(560f) Machine Learning-Driven Vaccine Design Against Highly Mutable Pathogens

Vaccines play a critical role in both preventing and eliminating global pandemics. This is especially true in the case of highly mutable pathogens like HIV and influenza, which present unique challenges to vaccine design. One promising strategy for designing vaccines against highly mutable pathogens is to target regions on the surfaces of the pathogenic proteins that are functionally important (e.g., receptor binding sites for adhering to/entering host cells), and thus cannot be so easily mutated by the pathogen. Antibodies that can bind to these ‘conserved’ regions on pathogenic proteins are called broadly-neutralizing antibodies, or bnAbs. BnAbs have now been isolated from people naturally infected with many different highly mutable pathogens.
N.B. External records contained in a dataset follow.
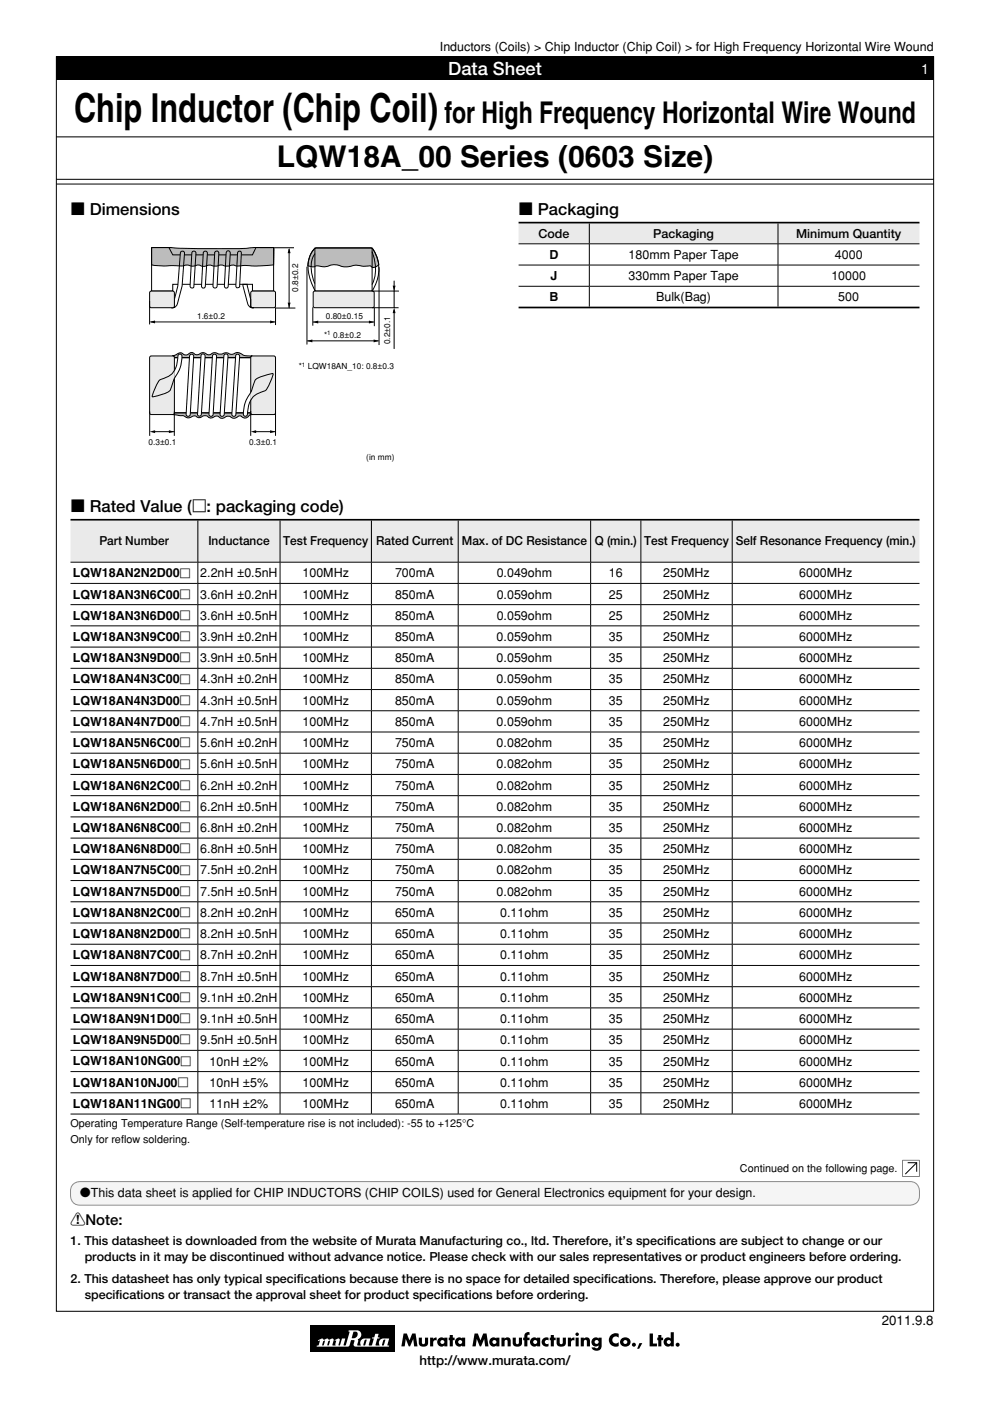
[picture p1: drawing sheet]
<svg xmlns="http://www.w3.org/2000/svg" width="210mm" height="297mm" viewBox="0 0 210 297" stroke-linecap="round" stroke-linejoin="round" font-family="sans-serif">
<path d="M12 12h186v266h-186z" fill="none" stroke="#000" stroke-width=".21"/>
<g fill="#000">
<path d="M12 12h186v5h-186zM65.8 281h18v5.5h-18zM85.6 282.7h.7l.5 1.5 .6-1.5h.7l.4 2.8h-.7l-.2-1.6-.7 1.6h-.2l-.7-1.6-.2 1.6h-.7zM88.8 283.6h.7v1.2l.3 .2 .3-.2v-1.2h.7v1.1a1.01 1.01 0 0 1-1 .8 1.01 1.01 0 0 1-1-.8zM91.2 283.6h.6l.1 .3 .3-.3h.4v.6h-.6l-.1 .2-.1 1.1h-.6zM95.4 283h.6v.6h.4v.5h-.4v1.4h-.6v-1.4h-.3v-.5h.3zM100.6 282.7h.7l.6 1.5 .6-1.5h.7l.4 2.8h-.7l-.2-1.6-.7 1.6h-.3l-.6-1.6-.2 1.6h-.7zM106.3 283.6h.7v.2a.72 .72 0 0 1 .8-.2 .72 .72 0 0 1 .5 .7v1.2h-.7v-1.1l-.3-.3-.3 .2v1.2h-.7zM108.7 283.6h.7v1.2l.3 .2 .3-.2v-1.2h.7v1.1a1.01 1.01 0 0 1-1 .8 1.01 1.01 0 0 1-1-.8zM111.4 282.7l.4-.2h.5v.6h-.5v.5h.5v.5h-.5v1.4h-.6v-1.4h-.3v-.5h.3zM115 283.9l.5-.3h.5l.3 .1v.5a.46 .46 0 0 0-.6 0 .46 .46 0 0 0 0 .7 .46 .46 0 0 0 .6 0v.5a1 1 0 0 1-1.2-.2 1 1 0 0 1-.1-1.3zM116.8 283h.6v.6h.4v.5h-.4v1.4h-.6v-1.4h-.2v-.5h.2z"/>
<path d="M118 283.6h.7v1.2l.3 .2 .3-.2v-1.2h.7v1.1a1.01 1.01 0 0 1-1 .8 1.01 1.01 0 0 1-1-.8zM120.4 283.6h.7v.3l.3-.3h.4v.6h-.6l-.1 .2v1.1h-.7zM123.1 283.6h.7v.2a.72 .72 0 0 1 .8-.2 .72 .72 0 0 1 .5 .7v1.2h-.7v-1.1l-.3-.3-.3 .2v1.2h-.7zM129.5 283.1l.7-.4h.8l.2 .1v.8a.75 .75 0 0 0-1.1-.1 .75 .75 0 0 0 0 1.2 .75 .75 0 0 0 1.1-.1v.8a1.45 1.45 0 0 1-1.8-.4 1.45 1.45 0 0 1 .1-1.9zM135.6 284.8h.6l-.7 1.2h-.4zM137.7 282.7h.7v2.2h.9v.6h-1.6zM139.6 283h.6v.6h.4v.5h-.4v1.4h-.6v-1.4h-.2v-.5h.2z"/>
<path d="M93 283.8a.94 .94 0 0 0-.1 1.4 .94 .94 0 0 0 1.3 0v.3h.7v-1.9h-.7v.2l-.2-.1a.89 .89 0 0 0-1 .1zM93.4 284.5a.42 .42 0 0 1 .8 0 .42 .42 0 0 1-.8 0z"/>
<path d="M96.7 283.8a.94 .94 0 0 0-.1 1.4 .94 .94 0 0 0 1.4 0v.3h.6v-1.9h-.6v.2l-.2-.1a.89 .89 0 0 0-1.1 .1zM97.1 284.5a.45 .45 0 0 1 .9 0 .45 .45 0 0 1-.9 0z"/>
<path d="M104 283.8a.94 .94 0 0 0-.1 1.4 .94 .94 0 0 0 1.3 0v.3h.7v-1.9h-.7v.2l-.1-.1a.89 .89 0 0 0-1.1 .1zM104.4 284.5a.45 .45 0 0 1 .9 0 .45 .45 0 0 1-.9 0z"/>
<path d="M112.6 283.8a.94 .94 0 0 0-.1 1.4 .94 .94 0 0 0 1.4 0v.3h.6v-1.9h-.6v.2l-.2-.1a.89 .89 0 0 0-1.1 .1zM113 284.5a.45 .45 0 0 1 .9 0 .45 .45 0 0 1-.9 0z"/>
<path d="M122 282.9a.37 .37 0 0 1 .7 0 .37 .37 0 0 1-.7 0zM122 283.6h.7v1.9h-.7z"/>
<path d="M125.7 283.8a.93 .93 0 0 0-.1 1.4 .93 .93 0 0 0 1.3 0 .47 .47 0 0 1-.5 .7l-.2-.2h-.8a1.1 1.1 0 0 0 1.3 .7 1.1 1.1 0 0 0 .9-1.1v-1.7h-.7v.2a.79 .79 0 0 0-1.2 0zM126.1 284.5a.43 .43 0 0 1 .8 0 .43 .43 0 0 1-.8 0z"/>
<path d="M131.7 283.9a1.05 1.05 0 0 0 .9 1.6 1.05 1.05 0 0 0 .9-1.6 1.27 1.27 0 0 0-1.8 0zM132.2 284.5a.42 .42 0 0 1 .8 0 .42 .42 0 0 1-.8 0z"/>
<path d="M142.2 282.5v1.3a.93 .93 0 0 0-1.3 .1 .93 .93 0 0 0 0 1.3 .93 .93 0 0 0 1.3 0v.3h.7v-3zM141.4 284.5a.43 .43 0 0 1 .8 0 .43 .43 0 0 1-.8 0z"/>
<circle cx="134.4" cy="285.1" r=".42"/>
<circle cx="143.7" cy="285.1" r=".42"/>
</g>
<path d="M67.4 284.2l.9-.4 .5 .3-.5 1 .2 .2 .2-.2 .2-.8h-.2l.1-.2 .5-.3 .3 .1 .1 .2 .2-.1-.5 1.1 .1 .2 .2-.2 .3-.8-.2-.1 .1-.2 .7-.2 .2 .3-.3 1 .6 .2 .2-1h-.3v-.2l.8-.3 .3 .3-.3 1 .1 .2 .2-.2 .4-1.3h.6l-.3 1.3 .3 .2 .2-.2 .8-2.7-.2-.1 .1-.2h1.7a.98 .98 0 0 1 .9 .9 .98 .98 0 0 1-.7 1l.1 .3-.2 .9h.7a.96 .96 0 0 1 .8-1.4l1.2 .1-.1 .6-.7-.1v-.4l-.3 .1-.3 1.1h.3l.3-.8 .7 .1-.2 .6 .5 .2 .2-.2 .4-1.2-.4-.1v-.2l.4-.1 .3-.7h.6l-.1 .7 .4 .2-.5 .1-.4 1.3 .2 .2 .7-.1a.95 .95 0 0 1 .8-1.4l1.2 .1-.1 .4h-.8l.1-.3-.4 .1-.3 1.1h.3l.3-.9h.8l-.3 .8 .4 .2v.2h-6.9a.45 .45 0 0 1-.6-.5l.2-.7-.5-.2 .1-.4h.2a.72 .72 0 0 0 .9-.7 .72 .72 0 0 0-.9-.6l-.4 1.3h.2l-.1 .4-.3 .1-.3 1-.2 .3h-6.7v-.2l.4-.2 .2-.8h-.3z" fill="#fff"/>
<path d="M15.3 251.2a2.19 2.19 0 0 1 1.7-.7h176a2.3 2.3 0 0 1 2 3 1.93 1.93 0 0 1-2 2h-176a2.3 2.3 0 0 1-2-3l.1-.7z" fill="#f5f5f5"/>
<path d="M15.3 251.2a2.19 2.19 0 0 1 1.7-.7h176a2.3 2.3 0 0 1 2 3 1.93 1.93 0 0 1-2 2h-176a2.3 2.3 0 0 1-2-3l.1-.7z" fill="none" stroke="#8b8b8b" stroke-width=".21"/>
<path d="M12 29h186zM12 38h186zM12 39h186z" fill="none" stroke="#000" stroke-width=".21"/>
<path d="M32.2 52.5h4.1h-.2l5.8 .2a132.7 132.7 0 0 0 13.2-.2h3l-.1 3.7-4 .2-1.8-.1a5.7 5.7 0 0 1-2.9-.1 3.1 3.1 0 0 1-2.4 0 3.1 3.1 0 0 1-2.5 0 2.41 2.41 0 0 1-2.3 0 3.1 3.1 0 0 1-2.6 0 5.9 5.9 0 0 1-2.9 .1l-2.2 .1-2.3-.2z" fill="#bcbcbc"/>
<path d="M32.2 52.5h4.1h-.2l5.8 .2a132.7 132.7 0 0 0 13.2-.2h3l-.1 3.7-4 .2-1.8-.1a5.7 5.7 0 0 1-2.9-.1 3.1 3.1 0 0 1-2.4 0 3.1 3.1 0 0 1-2.5 0 2.41 2.41 0 0 1-2.3 0 3.1 3.1 0 0 1-2.6 0 5.9 5.9 0 0 1-2.9 .1l-2.2 .1-2.3-.2z" fill="none" stroke="#000" stroke-width=".21"/>
<path d="M66.4 53l.6-.5h11.6a4 4 0 0 1 1.6 2.8l.1 .8a1.23 1.23 0 0 1-1.9 .3l-1.2 .1a5.4 5.4 0 0 0-3.5 .1l-1.1-.1a3.8 3.8 0 0 0-3.4 0l-2.2-.1a1.66 1.66 0 0 1-1.7 0l.3-1.8z" fill="#bcbcbc"/>
<path d="M66.4 53l.6-.5h11.6a4 4 0 0 1 1.6 2.8l.1 .8a1.23 1.23 0 0 1-1.9 .3l-1.2 .1a5.4 5.4 0 0 0-3.5 .1l-1.1-.1a3.8 3.8 0 0 0-3.4 0l-2.2-.1a1.66 1.66 0 0 1-1.7 0l.3-1.8z" fill="none" stroke="#000" stroke-width=".21"/>
<path d="M37 87.5h16.2l.3 .4a1.05 1.05 0 0 0-1 .6 1.08 1.08 0 0 1-1.5-.3l-.6 .1a1.16 1.16 0 0 1-1.7 0 1.35 1.35 0 0 0-1.3 .3 1.01 1.01 0 0 1-1.2-.4l-.8 .1a1.08 1.08 0 0 1-1.6-.1 1.25 1.25 0 0 0-1.2 .3 1.05 1.05 0 0 1-1.2-.3l-.7 .1a1.42 1.42 0 0 1-1.9-.2l-2.2-.2z" fill="#bcbcbc"/>
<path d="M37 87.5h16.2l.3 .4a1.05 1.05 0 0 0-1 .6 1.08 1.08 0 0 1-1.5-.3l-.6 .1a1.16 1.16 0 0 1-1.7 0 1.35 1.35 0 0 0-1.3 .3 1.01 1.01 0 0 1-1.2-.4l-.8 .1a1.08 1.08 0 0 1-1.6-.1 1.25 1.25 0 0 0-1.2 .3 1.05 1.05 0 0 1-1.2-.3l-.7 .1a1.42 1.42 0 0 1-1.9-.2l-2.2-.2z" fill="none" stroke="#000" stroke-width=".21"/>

However, in most cases it remains unclear how to elicit these same antibodies by vaccination, in part because of the complexity of the key biological processes that occur but also because of the vast design space for rationally designing such vaccines. Design variables include the number of immunizations to administer, the number of Ags (pathogen-like proteins) to administer in each immunization, the concentration of each Ag in each immunization, and the sequences of the Ags. This talk will discuss a novel computational/data science-driven approach to efficiently traverse this vast design space. Our approach features agent-based modeling of cell-cell interactions combined with deep reinforcement learning (DRL) to steer the evolution of antibodies into bnAbs following vaccination. Using a rewards and punishments-based system, results show that DRL is able to rapidly identify optimal vaccination protocols that maximize the formation of bnAbs against highly mutable pathogens.